1981年,堪薩斯城(Kansas City)的凱悅飯店(Hyatt Regency Hotel)天橋坍塌事件發生之後不久,有位鄰居問我,怎麼可能發生這種事?他很訝異,工程師對於如何建造天橋這麼簡單的建築,難道了解得還不夠多嗎?此外,他還列舉了塔科馬海峽吊橋(Tacoma Narrows Bridge)坍塌、美國航空公司(American AirlinesDC-10客機在芝加哥墜毀,以及其他人們耳熟能詳的失敗例子,同時還加上他聽說的,假如核電廠發生意外事故,想必會比三哩島(Three Mile Island)輻射外洩還嚴重──彷彿是要說,工程師對於他們所創造出來的世界似乎無法掌控,這是再明顯不過的事。
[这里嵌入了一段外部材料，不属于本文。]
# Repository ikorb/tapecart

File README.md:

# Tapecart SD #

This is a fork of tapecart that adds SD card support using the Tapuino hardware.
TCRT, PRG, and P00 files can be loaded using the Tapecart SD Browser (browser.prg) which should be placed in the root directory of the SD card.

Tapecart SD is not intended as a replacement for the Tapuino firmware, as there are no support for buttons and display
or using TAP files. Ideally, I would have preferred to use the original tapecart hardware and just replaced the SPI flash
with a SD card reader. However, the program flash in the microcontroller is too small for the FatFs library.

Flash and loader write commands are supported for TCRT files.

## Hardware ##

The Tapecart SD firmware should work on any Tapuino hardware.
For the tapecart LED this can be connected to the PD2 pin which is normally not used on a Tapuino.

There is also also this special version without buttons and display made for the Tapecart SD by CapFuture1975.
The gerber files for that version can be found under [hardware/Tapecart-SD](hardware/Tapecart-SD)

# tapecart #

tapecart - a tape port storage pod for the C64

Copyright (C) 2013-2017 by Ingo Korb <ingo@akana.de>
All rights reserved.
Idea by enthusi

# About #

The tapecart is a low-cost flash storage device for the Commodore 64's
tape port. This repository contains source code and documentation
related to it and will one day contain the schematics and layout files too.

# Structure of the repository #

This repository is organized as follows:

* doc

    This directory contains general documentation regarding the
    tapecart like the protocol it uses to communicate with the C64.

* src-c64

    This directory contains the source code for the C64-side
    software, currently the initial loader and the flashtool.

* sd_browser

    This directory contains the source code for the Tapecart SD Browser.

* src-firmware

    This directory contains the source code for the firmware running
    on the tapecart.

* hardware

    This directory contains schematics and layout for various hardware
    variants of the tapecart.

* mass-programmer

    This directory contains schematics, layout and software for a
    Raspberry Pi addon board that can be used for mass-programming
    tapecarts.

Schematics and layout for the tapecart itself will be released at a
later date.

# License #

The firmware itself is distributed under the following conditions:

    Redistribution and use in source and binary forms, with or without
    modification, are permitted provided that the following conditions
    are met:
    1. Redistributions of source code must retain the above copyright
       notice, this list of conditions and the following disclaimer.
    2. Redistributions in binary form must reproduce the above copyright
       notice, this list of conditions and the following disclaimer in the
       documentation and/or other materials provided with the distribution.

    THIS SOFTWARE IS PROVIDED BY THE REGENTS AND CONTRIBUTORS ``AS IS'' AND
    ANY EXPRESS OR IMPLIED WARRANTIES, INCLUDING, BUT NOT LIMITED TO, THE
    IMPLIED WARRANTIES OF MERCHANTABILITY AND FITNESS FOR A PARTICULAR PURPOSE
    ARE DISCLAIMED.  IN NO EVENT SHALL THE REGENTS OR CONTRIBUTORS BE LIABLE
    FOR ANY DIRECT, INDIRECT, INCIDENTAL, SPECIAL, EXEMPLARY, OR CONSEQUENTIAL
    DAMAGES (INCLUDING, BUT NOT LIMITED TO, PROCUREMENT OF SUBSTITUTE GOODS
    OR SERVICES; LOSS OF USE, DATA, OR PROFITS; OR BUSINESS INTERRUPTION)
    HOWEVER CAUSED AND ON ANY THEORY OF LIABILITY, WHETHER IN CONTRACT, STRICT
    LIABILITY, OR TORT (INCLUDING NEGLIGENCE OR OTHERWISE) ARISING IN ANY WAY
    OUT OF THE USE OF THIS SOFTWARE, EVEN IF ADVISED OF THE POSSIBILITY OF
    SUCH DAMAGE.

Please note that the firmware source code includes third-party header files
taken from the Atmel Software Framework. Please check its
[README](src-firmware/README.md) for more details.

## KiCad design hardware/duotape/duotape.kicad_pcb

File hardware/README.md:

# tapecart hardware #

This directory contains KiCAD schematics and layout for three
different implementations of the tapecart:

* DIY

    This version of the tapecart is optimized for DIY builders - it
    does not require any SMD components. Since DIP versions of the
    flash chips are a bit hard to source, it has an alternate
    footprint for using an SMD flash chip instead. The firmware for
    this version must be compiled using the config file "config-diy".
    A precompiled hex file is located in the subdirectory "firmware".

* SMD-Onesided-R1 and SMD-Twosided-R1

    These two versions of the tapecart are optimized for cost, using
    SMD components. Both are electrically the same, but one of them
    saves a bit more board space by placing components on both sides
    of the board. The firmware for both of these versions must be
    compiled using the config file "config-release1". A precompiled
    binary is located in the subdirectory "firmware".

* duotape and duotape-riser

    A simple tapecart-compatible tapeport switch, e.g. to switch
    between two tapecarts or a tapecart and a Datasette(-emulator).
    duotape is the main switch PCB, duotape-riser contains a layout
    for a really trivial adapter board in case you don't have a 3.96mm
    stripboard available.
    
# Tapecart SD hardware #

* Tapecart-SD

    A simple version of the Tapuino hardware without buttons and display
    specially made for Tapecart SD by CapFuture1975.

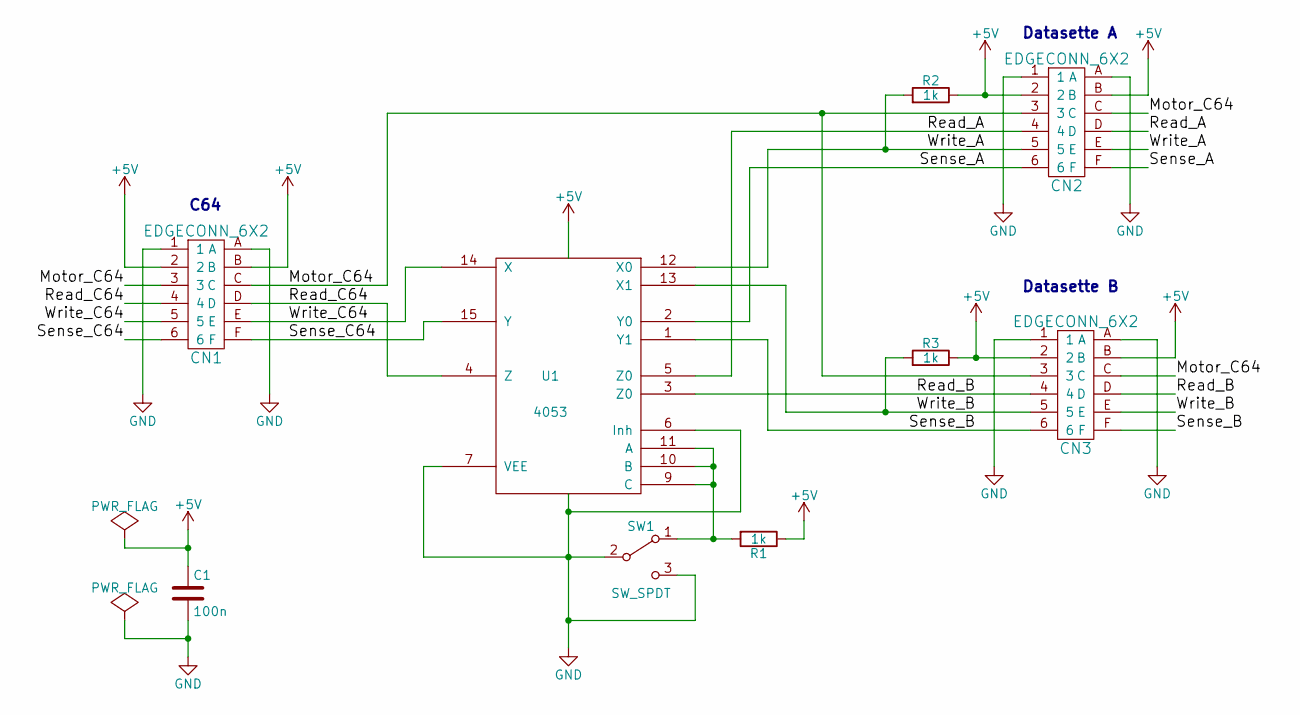
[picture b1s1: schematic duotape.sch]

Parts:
C1: 100n; C_Rect_L7_W2_P5
CN1, CN2: EDGECONN_6X2; EDGECONN_6x2_IMP
CN3: EDGECONN_6X2; VERTCONN_6X2
R1, R2, R3: 1k; Resistor_Horizontal_RM10mm
SW1: SW_SPDT; Switch_TL36P0
U1: 4053; DIP-16_W7.62mm

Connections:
+5V: C1.1, CN1.2, CN1.B, CN2.2, CN2.B, CN3.2, CN3.B, R1.1, R2.1, R3.1, U1.16 (VDD)
/Motor_C64: CN1.3, CN1.C, CN2.3, CN2.C, CN3.3, CN3.C
/Read_A: CN2.4, CN2.D, U1.5 (Z0)
/Read_B: CN3.4, CN3.D, U1.3 (Z0)
/Read_C64: CN1.4, CN1.D, U1.4 (Z)
/Sense_A: CN2.6, CN2.F, U1.2 (Y0)
/Sense_B: CN3.6, CN3.F, U1.1 (Y1)
/Sense_C64: CN1.6, CN1.F, U1.15 (Y)
/Write_A: CN2.5, CN2.E, R2.2, U1.12 (X0)
/Write_B: CN3.5, CN3.E, R3.2, U1.13 (X1)
/Write_C64: CN1.5, CN1.E, U1.14 (X)
GND: C1.2, CN1.1, CN1.A, CN2.1, CN2.A, CN3.1, CN3.A, SW1.2 (B), SW1.3 (C), U1.6 (Inh), U1.7 (VEE), U1.8 (VSS)
unnamed: R1.2, SW1.1 (A), U1.9 (C), U1.10 (B), U1.11 (A)

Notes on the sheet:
C64
Datasette A
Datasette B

  雖然我告訴這位鄰居,要預測工程結構的強度與性能,並不是乍看之下那麼簡單、明確,但我覺得,以我抽象的歸納與含糊的道歉,根本無法說服對方。當他回頭繼續整理菜園,而我走回家時,心裏暗自承認,由於我並未跟他說明工程究竟是什麼,因此根本沒有解答對方的疑問。既然我沒能做到這點,就不能奢望對方理解,工程產物可能會出什麼差錯。自從凱悅飯店事故發生以來,我一直在揣摩,下一次面對愛追根究柢的外行人時,要如何解釋種種令人難堪的技術問題,同時我也不斷在深奧的專業領域,以及日常事物中尋找實例。不過,我從中了解到,無論這些例子有多生動,都比不上利用成堆的桁梁造一座橋,能夠說明一切。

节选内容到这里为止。